Given data:
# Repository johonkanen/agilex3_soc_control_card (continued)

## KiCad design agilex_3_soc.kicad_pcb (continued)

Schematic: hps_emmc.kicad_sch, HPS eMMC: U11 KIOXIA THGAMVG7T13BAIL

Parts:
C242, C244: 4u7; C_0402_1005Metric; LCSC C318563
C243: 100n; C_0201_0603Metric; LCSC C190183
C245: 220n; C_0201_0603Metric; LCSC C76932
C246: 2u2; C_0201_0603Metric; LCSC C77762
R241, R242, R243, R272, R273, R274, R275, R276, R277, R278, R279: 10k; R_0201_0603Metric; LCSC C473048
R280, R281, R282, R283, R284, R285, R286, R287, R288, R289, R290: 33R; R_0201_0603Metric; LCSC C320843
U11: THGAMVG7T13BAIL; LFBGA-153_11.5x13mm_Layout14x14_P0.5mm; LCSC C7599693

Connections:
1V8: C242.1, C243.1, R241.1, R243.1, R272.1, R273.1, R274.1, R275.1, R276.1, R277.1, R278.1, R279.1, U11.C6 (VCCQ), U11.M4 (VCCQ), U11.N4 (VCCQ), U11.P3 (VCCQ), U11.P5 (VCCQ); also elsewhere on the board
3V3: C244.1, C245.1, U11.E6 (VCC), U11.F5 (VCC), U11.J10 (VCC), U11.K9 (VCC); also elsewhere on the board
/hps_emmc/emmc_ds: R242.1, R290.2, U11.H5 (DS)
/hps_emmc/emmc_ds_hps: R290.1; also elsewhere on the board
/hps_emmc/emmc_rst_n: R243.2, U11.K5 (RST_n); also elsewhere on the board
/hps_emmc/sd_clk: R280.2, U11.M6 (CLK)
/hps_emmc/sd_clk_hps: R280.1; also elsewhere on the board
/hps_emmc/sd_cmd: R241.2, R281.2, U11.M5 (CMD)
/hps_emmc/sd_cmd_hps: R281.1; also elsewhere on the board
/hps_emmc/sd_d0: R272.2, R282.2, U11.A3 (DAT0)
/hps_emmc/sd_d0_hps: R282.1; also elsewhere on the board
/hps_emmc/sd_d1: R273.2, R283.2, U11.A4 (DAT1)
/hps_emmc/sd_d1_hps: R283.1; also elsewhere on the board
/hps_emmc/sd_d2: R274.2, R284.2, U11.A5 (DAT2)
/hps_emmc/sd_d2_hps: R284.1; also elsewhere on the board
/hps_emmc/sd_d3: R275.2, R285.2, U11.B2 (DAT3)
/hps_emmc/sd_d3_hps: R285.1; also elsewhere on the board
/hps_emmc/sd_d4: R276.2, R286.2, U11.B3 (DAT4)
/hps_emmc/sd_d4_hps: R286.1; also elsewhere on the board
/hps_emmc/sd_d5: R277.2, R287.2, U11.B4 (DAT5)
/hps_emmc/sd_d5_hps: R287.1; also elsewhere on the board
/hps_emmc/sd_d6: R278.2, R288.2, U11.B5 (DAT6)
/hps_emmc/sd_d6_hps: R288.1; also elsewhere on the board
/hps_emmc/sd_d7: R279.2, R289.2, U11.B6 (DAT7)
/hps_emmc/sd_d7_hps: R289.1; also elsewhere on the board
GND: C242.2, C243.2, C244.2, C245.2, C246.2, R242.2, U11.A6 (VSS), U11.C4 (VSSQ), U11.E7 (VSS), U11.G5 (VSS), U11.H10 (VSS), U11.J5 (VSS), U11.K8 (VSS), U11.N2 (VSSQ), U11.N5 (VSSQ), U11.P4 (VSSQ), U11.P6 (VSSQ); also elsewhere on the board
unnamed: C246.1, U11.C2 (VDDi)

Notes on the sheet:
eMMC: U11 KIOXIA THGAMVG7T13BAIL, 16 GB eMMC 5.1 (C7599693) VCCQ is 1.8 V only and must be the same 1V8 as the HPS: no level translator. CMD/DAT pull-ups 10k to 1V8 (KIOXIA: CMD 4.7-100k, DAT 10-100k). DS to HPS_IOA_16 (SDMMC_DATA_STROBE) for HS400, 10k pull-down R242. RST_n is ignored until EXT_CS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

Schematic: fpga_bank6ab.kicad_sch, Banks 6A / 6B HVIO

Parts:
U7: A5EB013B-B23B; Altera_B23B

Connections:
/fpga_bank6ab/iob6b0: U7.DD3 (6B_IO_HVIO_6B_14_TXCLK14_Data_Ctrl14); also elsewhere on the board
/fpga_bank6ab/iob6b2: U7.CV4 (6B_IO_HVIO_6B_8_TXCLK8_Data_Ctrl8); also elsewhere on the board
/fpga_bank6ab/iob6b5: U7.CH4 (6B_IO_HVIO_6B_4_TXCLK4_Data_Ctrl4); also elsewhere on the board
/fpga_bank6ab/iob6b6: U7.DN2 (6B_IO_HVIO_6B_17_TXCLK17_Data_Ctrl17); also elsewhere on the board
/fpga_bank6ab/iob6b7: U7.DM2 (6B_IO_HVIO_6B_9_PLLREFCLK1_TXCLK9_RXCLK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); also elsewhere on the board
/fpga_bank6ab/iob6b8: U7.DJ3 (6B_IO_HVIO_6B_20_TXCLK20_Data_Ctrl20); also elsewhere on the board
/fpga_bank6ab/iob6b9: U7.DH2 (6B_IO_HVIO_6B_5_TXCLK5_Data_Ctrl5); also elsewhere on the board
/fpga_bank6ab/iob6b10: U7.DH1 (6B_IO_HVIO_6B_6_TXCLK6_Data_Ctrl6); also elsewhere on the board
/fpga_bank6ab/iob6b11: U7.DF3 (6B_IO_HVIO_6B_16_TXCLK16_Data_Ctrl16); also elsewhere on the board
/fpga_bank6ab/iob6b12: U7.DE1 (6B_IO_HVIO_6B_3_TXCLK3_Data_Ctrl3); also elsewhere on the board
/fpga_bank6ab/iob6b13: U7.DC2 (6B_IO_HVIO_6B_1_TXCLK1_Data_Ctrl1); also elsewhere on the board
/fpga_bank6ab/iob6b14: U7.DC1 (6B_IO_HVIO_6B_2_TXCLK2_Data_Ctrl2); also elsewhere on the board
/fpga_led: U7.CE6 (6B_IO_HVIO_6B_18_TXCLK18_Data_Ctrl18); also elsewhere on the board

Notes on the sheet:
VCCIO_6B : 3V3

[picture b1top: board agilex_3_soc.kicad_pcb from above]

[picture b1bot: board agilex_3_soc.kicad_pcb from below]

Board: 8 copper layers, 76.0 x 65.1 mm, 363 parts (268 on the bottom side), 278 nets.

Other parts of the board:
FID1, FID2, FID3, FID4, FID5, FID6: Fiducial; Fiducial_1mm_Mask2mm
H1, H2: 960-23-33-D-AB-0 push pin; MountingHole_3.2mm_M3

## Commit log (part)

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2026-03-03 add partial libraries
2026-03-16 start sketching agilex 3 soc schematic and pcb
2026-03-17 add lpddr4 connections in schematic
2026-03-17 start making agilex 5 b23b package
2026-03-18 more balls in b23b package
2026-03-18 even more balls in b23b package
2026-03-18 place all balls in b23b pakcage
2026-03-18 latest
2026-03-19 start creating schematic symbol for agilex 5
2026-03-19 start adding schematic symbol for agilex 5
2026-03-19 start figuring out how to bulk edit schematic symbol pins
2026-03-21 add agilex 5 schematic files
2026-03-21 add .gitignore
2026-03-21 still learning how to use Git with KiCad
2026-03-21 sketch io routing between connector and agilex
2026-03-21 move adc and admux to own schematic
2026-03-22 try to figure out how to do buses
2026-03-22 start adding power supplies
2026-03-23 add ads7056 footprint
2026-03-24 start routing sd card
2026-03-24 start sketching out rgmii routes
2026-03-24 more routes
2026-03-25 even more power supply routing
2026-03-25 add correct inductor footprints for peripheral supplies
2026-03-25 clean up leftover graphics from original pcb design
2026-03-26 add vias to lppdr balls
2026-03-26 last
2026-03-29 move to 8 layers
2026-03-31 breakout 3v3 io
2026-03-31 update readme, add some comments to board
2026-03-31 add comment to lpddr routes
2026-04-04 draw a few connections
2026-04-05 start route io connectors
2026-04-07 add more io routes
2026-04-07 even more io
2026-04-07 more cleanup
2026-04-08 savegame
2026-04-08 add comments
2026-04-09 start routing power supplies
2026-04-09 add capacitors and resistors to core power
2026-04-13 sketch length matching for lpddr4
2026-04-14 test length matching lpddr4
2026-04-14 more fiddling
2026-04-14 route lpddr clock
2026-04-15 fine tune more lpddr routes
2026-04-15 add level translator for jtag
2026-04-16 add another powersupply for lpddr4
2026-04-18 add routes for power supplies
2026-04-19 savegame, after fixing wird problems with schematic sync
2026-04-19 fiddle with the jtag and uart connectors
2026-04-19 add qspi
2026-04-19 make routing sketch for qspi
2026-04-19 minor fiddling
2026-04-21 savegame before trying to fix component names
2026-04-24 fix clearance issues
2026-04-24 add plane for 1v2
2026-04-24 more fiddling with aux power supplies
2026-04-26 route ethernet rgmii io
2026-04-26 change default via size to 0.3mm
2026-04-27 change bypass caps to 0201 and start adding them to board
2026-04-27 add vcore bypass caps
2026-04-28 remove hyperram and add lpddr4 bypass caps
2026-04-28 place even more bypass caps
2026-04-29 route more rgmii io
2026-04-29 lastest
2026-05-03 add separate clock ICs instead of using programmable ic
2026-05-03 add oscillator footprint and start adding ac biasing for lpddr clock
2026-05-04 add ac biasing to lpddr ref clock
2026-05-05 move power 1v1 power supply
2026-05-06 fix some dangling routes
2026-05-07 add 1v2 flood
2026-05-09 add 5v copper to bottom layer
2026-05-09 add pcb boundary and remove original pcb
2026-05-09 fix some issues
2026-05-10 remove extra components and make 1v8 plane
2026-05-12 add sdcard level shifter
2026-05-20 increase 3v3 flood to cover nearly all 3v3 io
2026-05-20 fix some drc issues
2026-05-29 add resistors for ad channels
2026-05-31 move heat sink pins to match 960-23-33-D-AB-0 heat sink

Required action: Reproduce each line of the records in which "pins" appears.

Task solution:
2026-03-19 start figuring out how to bulk edit schematic symbol pins
2026-05-31 move heat sink pins to match 960-23-33-D-AB-0 heat sink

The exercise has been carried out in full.